Ce qui vaut pour des États est vrai a fortiori pour des émetteurs privés : la rémunération du risque doit correspondre à une probabilité de défaut réel, sans garanties implicites ou cachées. Sinon, la prise de risque peut devenir totalement excessive. Et le soutien donné à des emprunteurs exorbitant. C'est exactement ce qui s'est passé lors de la dernière bulle du crédit, alimentée par la politique monétaire menée par la Réserve fédérale américaine au tournant des années 2000. Sans une juste appréciation du risque des portefeuilles de crédit immobilier aux États-Unis, leur titrisation, pourtant bien rémunérée, a suscité un appétit disproportionné. L'offre étant trop élevée car le risque mal pris en compte, la demande, encouragée par la politique monétaire de taux bas, ne pouvait qu'être satisfaite de manière excessive. Jusqu'au jour où l'ampleur des crédits souscrits est apparue insoutenable au regard de la solvabilité des emprunteurs, y compris celle des agences semi-publiques américaines qui intervenaient dans le processus, renforçant l'ambiguïté sur la réalité des risques pris par les prêteurs.
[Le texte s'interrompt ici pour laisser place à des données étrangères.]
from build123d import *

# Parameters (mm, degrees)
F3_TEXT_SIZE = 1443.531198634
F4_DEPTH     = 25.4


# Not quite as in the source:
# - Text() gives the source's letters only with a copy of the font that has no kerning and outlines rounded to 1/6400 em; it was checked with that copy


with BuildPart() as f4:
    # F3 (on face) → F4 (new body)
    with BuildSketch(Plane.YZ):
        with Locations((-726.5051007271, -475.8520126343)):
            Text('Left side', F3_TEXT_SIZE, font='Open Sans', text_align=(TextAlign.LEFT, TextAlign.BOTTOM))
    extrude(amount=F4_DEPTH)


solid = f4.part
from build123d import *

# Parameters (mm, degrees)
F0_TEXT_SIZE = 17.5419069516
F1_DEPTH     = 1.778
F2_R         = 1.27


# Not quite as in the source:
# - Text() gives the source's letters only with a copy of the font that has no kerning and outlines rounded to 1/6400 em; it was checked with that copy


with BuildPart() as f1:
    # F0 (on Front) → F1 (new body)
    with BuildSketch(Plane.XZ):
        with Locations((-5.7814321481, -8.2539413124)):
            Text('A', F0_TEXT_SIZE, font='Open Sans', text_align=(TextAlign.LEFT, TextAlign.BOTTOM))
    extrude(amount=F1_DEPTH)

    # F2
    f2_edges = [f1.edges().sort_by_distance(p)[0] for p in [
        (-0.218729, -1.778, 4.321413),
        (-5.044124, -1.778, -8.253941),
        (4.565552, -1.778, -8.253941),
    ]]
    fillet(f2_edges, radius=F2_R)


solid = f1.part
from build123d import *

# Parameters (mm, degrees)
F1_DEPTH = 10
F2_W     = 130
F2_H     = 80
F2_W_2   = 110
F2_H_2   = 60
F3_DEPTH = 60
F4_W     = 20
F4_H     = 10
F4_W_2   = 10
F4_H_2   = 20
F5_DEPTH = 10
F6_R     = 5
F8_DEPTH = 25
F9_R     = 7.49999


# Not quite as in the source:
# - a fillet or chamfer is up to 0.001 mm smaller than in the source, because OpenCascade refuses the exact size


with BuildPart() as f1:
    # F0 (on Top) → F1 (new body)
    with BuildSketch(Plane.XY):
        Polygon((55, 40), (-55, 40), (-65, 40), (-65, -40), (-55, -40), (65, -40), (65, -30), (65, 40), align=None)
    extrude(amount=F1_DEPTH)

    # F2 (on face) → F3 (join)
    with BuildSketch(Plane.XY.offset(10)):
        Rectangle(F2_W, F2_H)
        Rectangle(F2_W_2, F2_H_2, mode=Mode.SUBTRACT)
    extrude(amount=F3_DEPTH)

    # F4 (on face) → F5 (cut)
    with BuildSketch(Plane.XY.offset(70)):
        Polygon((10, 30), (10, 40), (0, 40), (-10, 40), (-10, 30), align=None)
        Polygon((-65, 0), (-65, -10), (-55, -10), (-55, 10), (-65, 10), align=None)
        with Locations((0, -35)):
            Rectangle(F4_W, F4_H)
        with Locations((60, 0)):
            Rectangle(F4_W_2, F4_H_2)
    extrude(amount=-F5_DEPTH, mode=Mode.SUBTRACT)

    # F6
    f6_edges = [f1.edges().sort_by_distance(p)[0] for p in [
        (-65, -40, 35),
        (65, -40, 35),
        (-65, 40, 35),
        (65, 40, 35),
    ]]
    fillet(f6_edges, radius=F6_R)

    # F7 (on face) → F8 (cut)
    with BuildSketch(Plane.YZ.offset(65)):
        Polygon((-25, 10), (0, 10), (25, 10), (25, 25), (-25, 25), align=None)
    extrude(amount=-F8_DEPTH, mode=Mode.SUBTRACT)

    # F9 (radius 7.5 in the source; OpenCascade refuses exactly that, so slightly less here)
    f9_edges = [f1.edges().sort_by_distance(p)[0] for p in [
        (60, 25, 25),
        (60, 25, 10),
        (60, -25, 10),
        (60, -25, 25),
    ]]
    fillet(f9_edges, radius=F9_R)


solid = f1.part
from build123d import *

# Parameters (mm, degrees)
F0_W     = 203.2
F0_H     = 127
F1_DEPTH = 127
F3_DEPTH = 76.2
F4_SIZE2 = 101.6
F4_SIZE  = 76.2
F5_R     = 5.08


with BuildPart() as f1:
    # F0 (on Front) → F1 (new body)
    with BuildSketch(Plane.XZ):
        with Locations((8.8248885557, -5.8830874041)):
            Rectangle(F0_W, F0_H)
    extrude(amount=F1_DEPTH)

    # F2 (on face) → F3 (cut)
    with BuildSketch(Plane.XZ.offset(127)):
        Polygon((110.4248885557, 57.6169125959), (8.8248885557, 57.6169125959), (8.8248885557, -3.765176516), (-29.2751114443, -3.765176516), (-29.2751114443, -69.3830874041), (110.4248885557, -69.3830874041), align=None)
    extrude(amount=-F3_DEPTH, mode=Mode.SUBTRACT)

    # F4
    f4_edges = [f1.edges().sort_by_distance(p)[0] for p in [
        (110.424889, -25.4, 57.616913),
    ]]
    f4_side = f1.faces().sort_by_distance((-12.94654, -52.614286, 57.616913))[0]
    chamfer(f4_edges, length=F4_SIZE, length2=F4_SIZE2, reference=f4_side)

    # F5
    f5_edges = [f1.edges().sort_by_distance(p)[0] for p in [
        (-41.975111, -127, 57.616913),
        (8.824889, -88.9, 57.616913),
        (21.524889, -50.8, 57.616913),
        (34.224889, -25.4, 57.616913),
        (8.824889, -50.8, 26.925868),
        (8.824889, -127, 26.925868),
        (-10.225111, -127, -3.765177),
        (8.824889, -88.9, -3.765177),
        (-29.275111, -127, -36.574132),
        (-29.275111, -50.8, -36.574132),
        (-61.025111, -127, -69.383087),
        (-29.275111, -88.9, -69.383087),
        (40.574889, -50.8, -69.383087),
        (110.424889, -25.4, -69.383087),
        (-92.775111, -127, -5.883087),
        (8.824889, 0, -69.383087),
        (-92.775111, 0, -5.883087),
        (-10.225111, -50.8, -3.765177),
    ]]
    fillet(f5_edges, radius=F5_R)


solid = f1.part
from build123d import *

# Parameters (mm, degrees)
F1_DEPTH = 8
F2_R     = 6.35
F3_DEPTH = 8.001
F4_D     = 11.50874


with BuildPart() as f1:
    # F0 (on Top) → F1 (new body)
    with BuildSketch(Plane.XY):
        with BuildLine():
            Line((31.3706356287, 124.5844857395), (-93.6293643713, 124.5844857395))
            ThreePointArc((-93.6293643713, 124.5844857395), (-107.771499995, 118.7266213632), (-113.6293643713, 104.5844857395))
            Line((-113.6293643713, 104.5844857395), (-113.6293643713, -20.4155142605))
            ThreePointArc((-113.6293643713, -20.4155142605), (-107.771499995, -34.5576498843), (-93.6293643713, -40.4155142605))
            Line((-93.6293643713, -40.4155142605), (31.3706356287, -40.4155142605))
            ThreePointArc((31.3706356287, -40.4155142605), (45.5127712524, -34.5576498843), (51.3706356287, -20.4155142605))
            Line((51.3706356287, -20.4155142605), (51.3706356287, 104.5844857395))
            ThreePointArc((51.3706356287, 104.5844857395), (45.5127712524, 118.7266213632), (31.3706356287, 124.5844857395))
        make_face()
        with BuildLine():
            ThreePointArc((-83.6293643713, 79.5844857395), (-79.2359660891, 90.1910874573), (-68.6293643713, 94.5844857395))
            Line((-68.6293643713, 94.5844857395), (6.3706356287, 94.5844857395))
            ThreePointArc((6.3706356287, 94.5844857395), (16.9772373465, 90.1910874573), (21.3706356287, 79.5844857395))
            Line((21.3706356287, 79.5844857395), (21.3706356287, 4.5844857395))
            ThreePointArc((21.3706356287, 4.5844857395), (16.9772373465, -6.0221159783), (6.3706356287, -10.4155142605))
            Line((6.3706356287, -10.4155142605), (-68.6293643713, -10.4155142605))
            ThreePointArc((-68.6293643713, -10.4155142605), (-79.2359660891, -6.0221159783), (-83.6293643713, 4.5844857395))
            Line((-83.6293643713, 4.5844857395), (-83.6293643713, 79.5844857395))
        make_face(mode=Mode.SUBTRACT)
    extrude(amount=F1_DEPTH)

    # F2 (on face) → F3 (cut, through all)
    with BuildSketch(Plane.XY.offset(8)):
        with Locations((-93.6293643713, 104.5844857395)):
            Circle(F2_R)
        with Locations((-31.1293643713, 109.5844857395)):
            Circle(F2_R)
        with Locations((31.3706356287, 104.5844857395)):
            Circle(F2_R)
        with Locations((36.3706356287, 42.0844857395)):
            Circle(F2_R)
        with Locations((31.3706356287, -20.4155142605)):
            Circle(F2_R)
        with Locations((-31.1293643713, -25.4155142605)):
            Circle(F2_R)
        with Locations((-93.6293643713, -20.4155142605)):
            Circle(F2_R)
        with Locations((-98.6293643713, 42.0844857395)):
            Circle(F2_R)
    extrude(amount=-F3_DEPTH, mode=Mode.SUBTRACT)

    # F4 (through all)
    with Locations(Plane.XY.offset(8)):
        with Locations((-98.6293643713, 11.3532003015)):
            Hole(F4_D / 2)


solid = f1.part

Contrairement à ce qu'affirment leurs contempteurs, les marchés financiers ont fonctionné dans cette crise en parfaite conformité avec la théorie économique : l'information erronée, voire trompeuse dans certains cas, qui conduisait à des opportunités de rendement anormales, a suscité une phase de défiance généralisée. Car la qualité de l'information, sa diffusion et la possibilité de l'évaluer sont des piliers fondamentaux du fonctionnement de l'économie de marché. Si l'information est parcellaire ou insuffisante, s'il y a du risque, il faut le rémunérer. Mais toute asymétrie dans l'information, dans l'appréciation du risque pris à cause de garanties supposées ou cachées, conduit nécessairement à des déséquilibres qu'il faut ensuite solder au prix fort.

Si une faillite est toujours un événement malheureux, si le défaut d'un emprunteur est toujours préjudiciable, tordre la réalité au-delà du raisonnable pour les éviter est encore plus dangereux. Il en va d'une crise comme des faillites : leur survenance est dans la nature de l'économie. S'il faut bien entendu en gérer les conséquences, vouloir les empêcher absolument ne fait que les reporter à plus tard, en plus violent. Et en plus grave pour l'économie réelle.

(*) Note de Bruegel du 9 novembre 2010 : « A European Mechanism for Sovereign Debt Crisis Resolution : a Proposal », François Gianviti, Anne O. Krueger, Jean Pisani-Ferry, André Sapir, Jürgen von Hagen.